Sunday, February 7, 2021

Beauty in Ashes

Happy Charles Dickens’s Birthday! I just finished reading Bleak House for the third time in my life, and before writing this blog post, I looked back to see what I blogged about in 2012, the last time I enjoyed the Great Man’s ninth novel. It appears I wrote six times about the book. How did I find so much time to write these posts while I was working?

I have just one thing to write about after this visit with the deep, mysterious, disturbingly comforting Bleak House. I see that I touched on it in one of my posts from nine years ago when I commented on this passage:

It was grand to see how the wind awoke, and bent the trees, and drove the rain before it like a cloud of smoke; and to hear the solemn thunder and to see the lightning; and while thinking with awe of the tremendous powers by which our little lives are encompassed, to consider how beneficent they are and how upon the smallest flower and leaf there was already a freshness poured from all this seeming rage which seemed to make creation new again.
The dark storm makes creation new. After the deluge comes a new brilliantly colored sign in the heavens.

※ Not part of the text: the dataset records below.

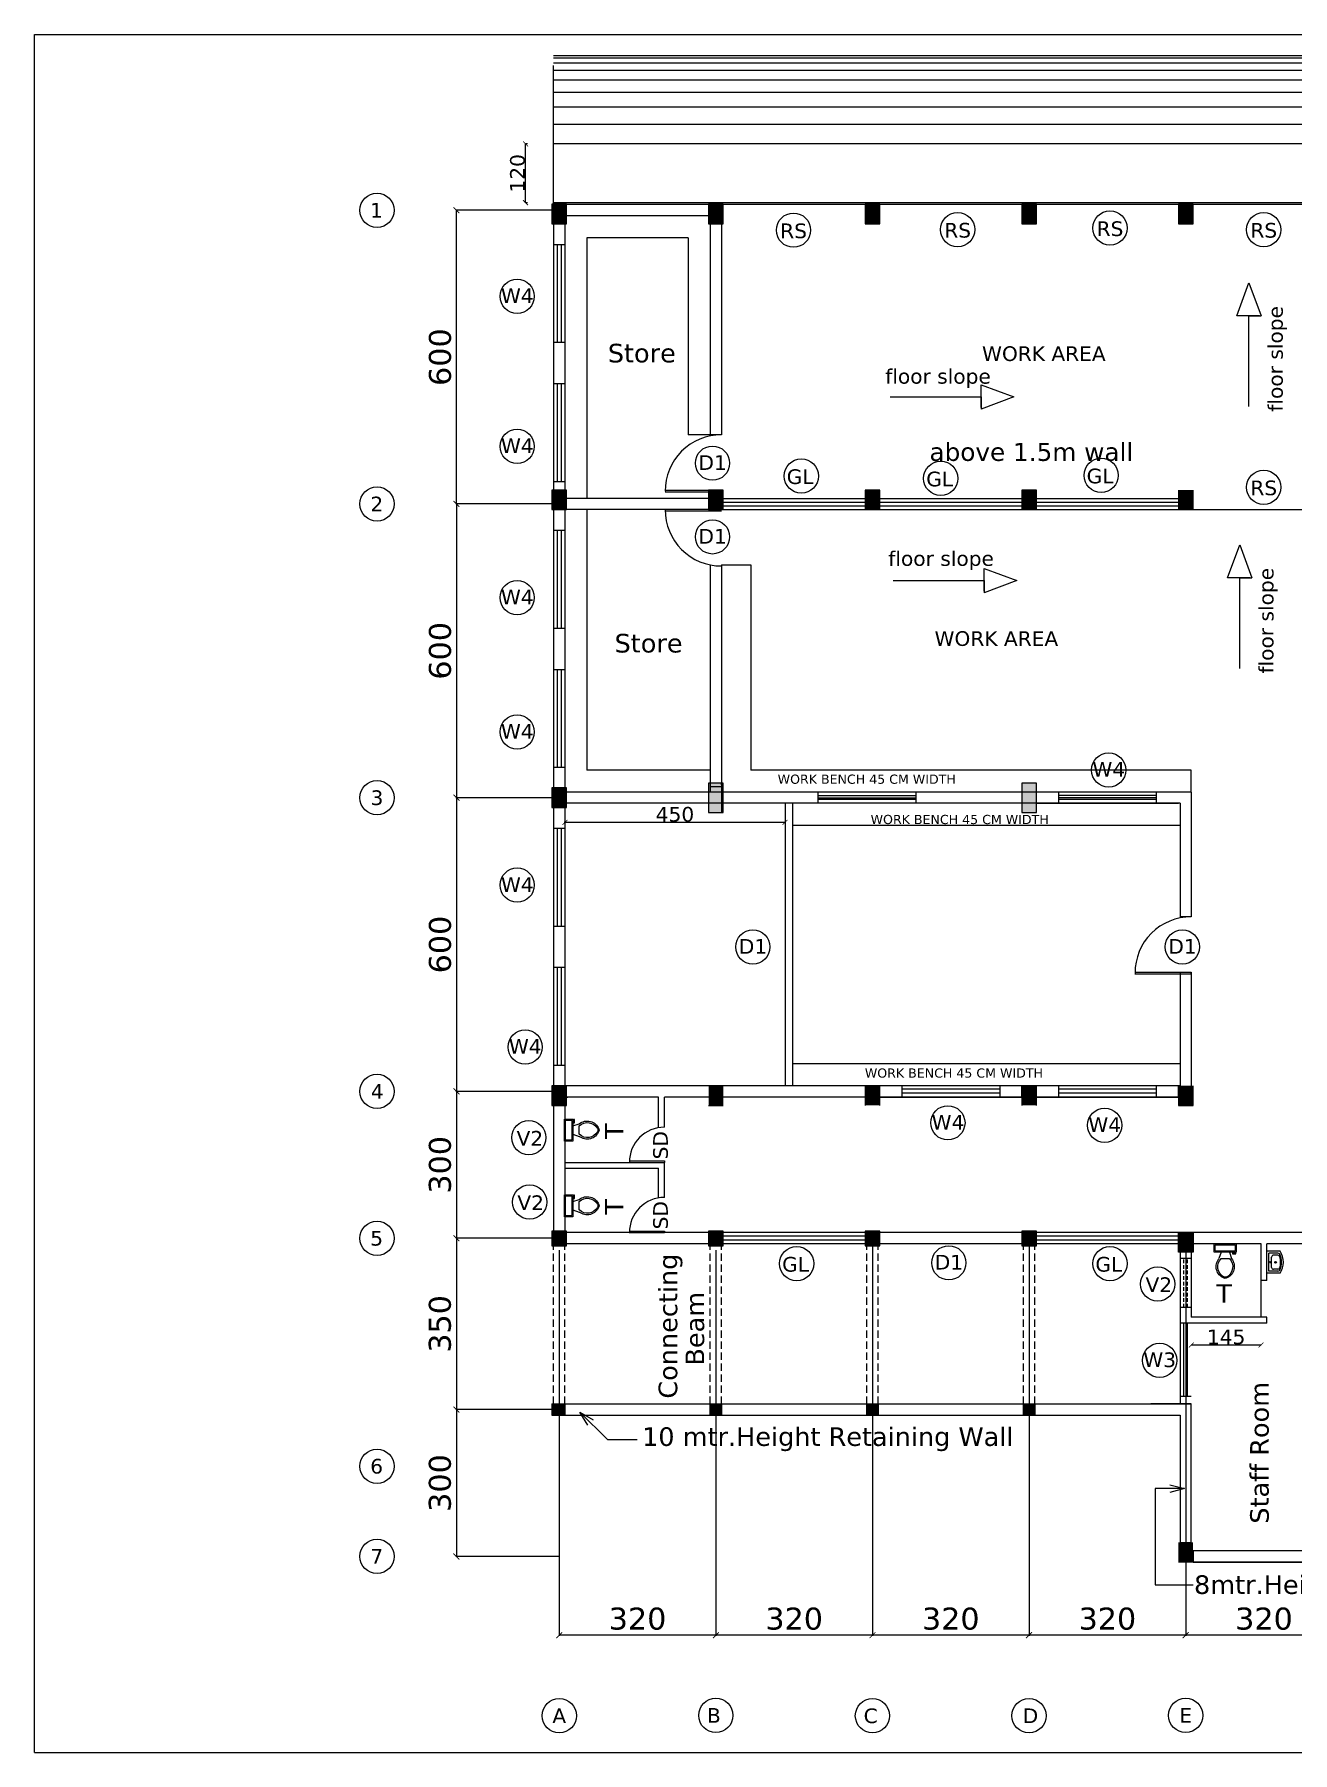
# Model space of a CAD drawing. Header units: millimetres. Extents: x 360755 to 379544, y -205643 to -201628.
# Drawn here: x 360755 to 363326, y -205439 to -201929 of the extents above; entities that cross this region are included whole.
import ezdxf
from ezdxf.enums import TextEntityAlignment as Align

# ---------------------------------------------------------------- set-up
doc = ezdxf.new("R2010")
doc.units = ezdxf.units.MM
doc.header["$LTSCALE"] = 2
doc.header["$MEASUREMENT"] = 0
doc.header["$PDMODE"] = 34
doc.linetypes.add('DASHED2', pattern=[0.375, 0.25, -0.125])
doc.linetypes.add('HIDDEN', pattern=[0.375, 0.25, -0.125])
for name, color, linetype in [('COLS', 2, 'Continuous'), ('DOOR N WINDOWS', 15, 'Continuous'), ('furniture', 141, 'Continuous'), ('p col', 103, 'Continuous'), ('p door', 23, 'Continuous'), ('p wall', 43, 'Continuous'), ('TEXT', 7, 'Continuous'), ('TEXT DWG', 10, 'Continuous'), ('trees', 3, 'Continuous'), ('Wall', 43, 'Continuous')]:
    doc.layers.add(name, color=color, linetype=linetype)
doc.layers.add('hatch', color=253, linetype='Continuous', lineweight=9)
doc.styles.add('ERNATFORDIM', font='verdana.ttf')
doc.styles.add('p1', font='verdana.ttf', dxfattribs={"height": 30})
doc.styles.add('S 40', font='verdana.ttf', dxfattribs={"height": 40})
doc.styles.add('S 45', font='verdana.ttf', dxfattribs={"height": 45})
doc.styles.add('ver25', font='verdana.ttf', dxfattribs={"height": 25})
doc.dimstyles.new('S 40', dxfattribs={"dimtxt": 35, "dimasz": 12, "dimexe": 1.25, "dimexo": 0.625, "dimgap": 10, "dimtad": 1, "dimdec": 0, "dimtxsty": 'S 40', "dimblk": 'ARCHTICK', "dimcen": 2.5, "dimclrd": 96, "dimclre": 128, "dimclrt": 96, "dimadec": 0, "dimazin": 0, "dimtfac": 1, "dimtdec": 0, "dimtmove": 1, "dimatfit": 3, "dimldrblk": 'OPEN30', "dimfxl": 1, "dimlwe": 5, "dimarcsym": 0})
doc.dimstyles.get("Standard").update_dxf_attribs({"dimtxt": 0.18, "dimasz": 0.18, "dimexe": 0.18, "dimexo": 0.0625, "dimgap": 0.09, "dimtad": 0, "dimtih": 1, "dimtoh": 1, "dimdec": 4, "dimzin": 0, "dimdsep": 46, "dimtxsty": 'Standard', "dimcen": 0.09, "dimadec": 0, "dimazin": 0, "dimtfac": 1, "dimtdec": 4, "dimtofl": 0, "dimtmove": 0, "dimatfit": 3, "dimfxl": 1, "dimtolj": 1, "dimtzin": 0, "dimarcsym": 0})

# ---------------------------------------------------------------- blocks, each defined once
blk = doc.blocks.new('A$C325B0907')
at = {"layer": 'furniture'}
for p, q in [((22.5, 17.1), (-22.5, 17.1)), ((-22.5, 17.1), (-22.5, 0)), ((-22.5, 0), (22.5, 0)), ((-20.4, 12.9), (-20.4, 4.3)), ((18.2, 15), (-18.2, 15)), ((-18.2, 2.1), (18.2, 2.1)), ((-8.6, 17.1), (-12.9, 30)), ((-8.6, 30), (8.6, 30)), ((8.6, 17.1), (12.9, 30)), ((15, 20.4), (21.4, 20.4)), ((15, 17.1), (15, 20.4)), ((21.4, 18.2), (17.1, 18.2)), ((17.1, 18.2), (17.1, 17.1)), ((20.4, 4.3), (20.4, 12.9)), ((21.4, 20.4), (21.4, 18.2)), ((22.5, 0), (22.5, 17.1))]:
    blk.add_line(p, q, dxfattribs=at)
for centre, major_axis, start_param, end_param in [((7.5, 46.2), (18.4, 18.4), 1.169867, 3.028682), ((0, 62.1), (6.06, 6.06), 0.521165, 1.049632), ((-7.5, 46.2), (-18.4, 18.4), 3.2545, 5.113316), ((9, 46.8), (17.2, 17.2), 1.327375, 3.117718), ((0, 59.7), (-6.06, 6.06), -1.208958, -0.361839), ((-9, 46.8), (-17.2, 17.2), 3.165464, 4.955807), ((-18.5, 13.1), (-1.34, 1.34), -0.927295, 0.927295), ((-18.5, 4), (1.34, 1.34), 2.214297, 4.068888), ((18.5, 13.1), (-1.34, 1.34), 3.785094, 5.639684), ((18.5, 4), (-1.34, 1.34), 2.214297, 4.068888)]:
    blk.add_ellipse(centre, major_axis=major_axis, ratio=1, start_param=start_param, end_param=end_param, dxfattribs=at)
blk = doc.blocks.new('A$C398B4A17')
at = {"color": 4}
for p, q in [((-25, -30.3), (-25, 0)), ((-25, 0), (25, 0)), ((25, -30.3), (25, 0)), ((-20.5, -25), (-20.5, -4.5)), ((-20.5, -4.5), (20.5, -4.5)), ((-16.1, -24.9), (-16.1, -15.2)), ((-11.6, -10.7), (11.6, -10.7)), ((16.1, -24.9), (16.1, -15.2)), ((20.5, -25), (20.5, -4.5))]:
    blk.add_line(p, q, dxfattribs=at)
for centre, radius in [((0, -19.6), 1.79), ((0, -19.6), 1.52), ((0, -7.6), 1.4)]:
    blk.add_circle(centre, radius, dxfattribs=at)
for centre, radius, start, end in [((0, 9.7), 47.2, 237.9844, 302.0156), ((-16.1, -25), 4.46, 180, 245.1395), ((0, 9.7), 42.7, 245.1395, 294.8605), ((-11.6, -15.2), 4.46, 90, 180), ((-11.6, -24.9), 4.46, 180, 251.4273), ((0, 9.7), 40.9, 251.4273, 288.5727), ((11.6, -15.2), 4.46, 0, 90), ((11.6, -24.9), 4.46, 288.5727, 0), ((16.1, -25), 4.46, 294.8605, 0)]:
    blk.add_arc(centre, radius, start, end, dxfattribs=at)
blk = doc.blocks.new('_ArchTick')
at = {"layer": 'p col', "color": 0, "const_width": 0.15}
blk.add_lwpolyline([(-0.5, -0.5), (0.5, 0.5)], dxfattribs=at)
blk = doc.blocks.new('*D934')
at = {"layer": 'Defpoints', "color": 0}
for p in [(361839.4, -202888.3), (361617.9, -203488.3), (361839.4, -203488.3)]:
    blk.add_point(p, dxfattribs=at)
at = {"layer": 'Wall', "color": 128, "lineweight": 5}
for p, q in [((361838.7, -202888.3), (361616.6, -202888.3)), ((361838.7, -203488.3), (361616.6, -203488.3))]:
    blk.add_line(p, q, dxfattribs=at)
at = {"layer": 'Wall', "color": 96, "lineweight": -2}
blk.add_line((361617.9, -202888.3), (361617.9, -203488.3), dxfattribs=at)
at = {"layer": 'Wall', "color": 96, "lineweight": -2, "xscale": 12, "yscale": 12, "zscale": 12}
for p, rotation in [((361617.9, -202888.3), 90), ((361617.9, -203488.3), 270)]:
    blk.add_blockref('_ArchTick', p, dxfattribs=dict(at, rotation=rotation))
at = {"layer": 'Wall', "color": 96, "insert": (361584.5, -203188.3), "char_height": 45, "attachment_point": 5, "rotation": 90, "style": 'S 45'}
blk.add_mtext('600', dxfattribs=at)
blk = doc.blocks.new('_Open30')
at = {"color": 0, "linetype": 'ByBlock', "lineweight": -2}
for p, q in [((-1, 0.27), (0, 0)), ((0, 0), (-1, -0.27)), ((0, 0), (-1, 0))]:
    blk.add_line(p, q, dxfattribs=at)
blk = doc.blocks.new('*D935')
at = {"layer": 'Defpoints', "color": 0}
for p in [(361839.4, -203488.3), (361617.9, -204088.3), (361839.4, -204088.3)]:
    blk.add_point(p, dxfattribs=at)
at = {"layer": 'Wall', "color": 128, "lineweight": 5}
for p, q in [((361838.7, -203488.3), (361616.6, -203488.3)), ((361838.7, -204088.3), (361616.6, -204088.3))]:
    blk.add_line(p, q, dxfattribs=at)
at = {"layer": 'Wall', "color": 96, "lineweight": -2}
blk.add_line((361617.9, -203488.3), (361617.9, -204088.3), dxfattribs=at)
at = {"layer": 'Wall', "color": 96, "lineweight": -2, "xscale": 12, "yscale": 12, "zscale": 12}
for p, rotation in [((361617.9, -203488.3), 90), ((361617.9, -204088.3), 270)]:
    blk.add_blockref('_ArchTick', p, dxfattribs=dict(at, rotation=rotation))
at = {"layer": 'Wall', "color": 96, "insert": (361584.5, -203788.3), "char_height": 45, "attachment_point": 5, "rotation": 90, "style": 'S 45'}
blk.add_mtext('600', dxfattribs=at)
blk = doc.blocks.new('*D936')
at = {"layer": 'Defpoints', "color": 0}
for p in [(361839.4, -204088.3), (361617.9, -204388.3), (361839.4, -204388.3)]:
    blk.add_point(p, dxfattribs=at)
at = {"layer": 'Wall', "color": 128, "lineweight": 5}
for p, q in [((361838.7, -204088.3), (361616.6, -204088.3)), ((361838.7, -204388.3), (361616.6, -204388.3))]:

Throughout Bleak House, characters are immersed in atmospheres of influence. Influence, a common word in the book, originally referred to streams of celestial power in our atmosphere flowing (fluens in Latin) in from the planets. These influences, it was believed, both shaped character and caused temporary changes of temperament or health. Influenza came from the influences. At the beginning of Bleak House, the air is filled with “fog,” which sounds romantic to us now but actually consisted mostly of smoke from factories. As we progress through the pages, we get the pervading rain around Chesney Wold, the dust that blankets everything in Tulkinghorn’s chambers, the soot of the poor neighborhoods, the disease in the noisome air of a cramped urban cemetery, and, most importantly, the poisonous influence of the Court of Chancery, touching and harming everyone who has the misfortune to find his business taken up therein:
How many people out of the suit Jarndyce and Jarndyce has stretched forth its unwholesome hand to spoil and corrupt would be a very wide question. From the master upon whose impaling files reams of dusty warrants in Jarndyce and Jarndyce have grimly writhed into many shapes, down to the copying-clerk in the Six Clerks' Office who has copied his tens of thousands of Chancery folio-pages under that eternal heading, no man's nature has been made better by it. In trickery, evasion, procrastination, spoliation, botheration, under false pretences of all sorts, there are influences that can never come to good. The very solicitors' boys who have kept the wretched suitors at bay, by protesting time out of mind that Mr. Chizzle, Mizzle, or otherwise was particularly engaged and had appointments until dinner, may have got an extra moral twist and shuffle into themselves out of Jarndyce and Jarndyce. The receiver in the cause has acquired a goodly sum of money by it but has acquired too a distrust of his own mother and a contempt for his own kind. Chizzle, Mizzle, and otherwise have lapsed into a habit of vaguely promising themselves that they will look into that outstanding little matter and see what can be done for Drizzle—who was not well used—when Jarndyce and Jarndyce shall be got out of the office. Shirking and sharking in all their many varieties have been sown broadcast by the ill-fated cause; and even those who have contemplated its history from the outermost circle of such evil have been insensibly tempted into a loose way of letting bad things alone to take their own bad course, and a loose belief that if the world go wrong it was in some off-hand manner never meant to go right.
And yet beauty arises from the wreckage of this whirlwind. This isn’t Great Expectations, so Dickens awards his good characters happy endings in this novel with the sad name. And yet every happy ending summarized in the last chapter of Bleak House has a depth of beauty that comes from some tragic mark. One character ends happily married and has a baby girl – who is deaf and dumb. But doesn’t the mother only love her child the more for that deficiency? The narration tells us explicitly that one pretty widow is more beautiful with the shadow of loss on her face. Two neighbors who have argued over the ownership of a disputed strip of land try reconciling but find that they actually have more fun arguing. John Jarndyce still calls his study the Growlery. And the house, in commemoration of the storm that has made creation new, is still affectionately known as Bleak House. Because of its realism and familiarity, isn’t this the happiest of all Dickens’s happy endings?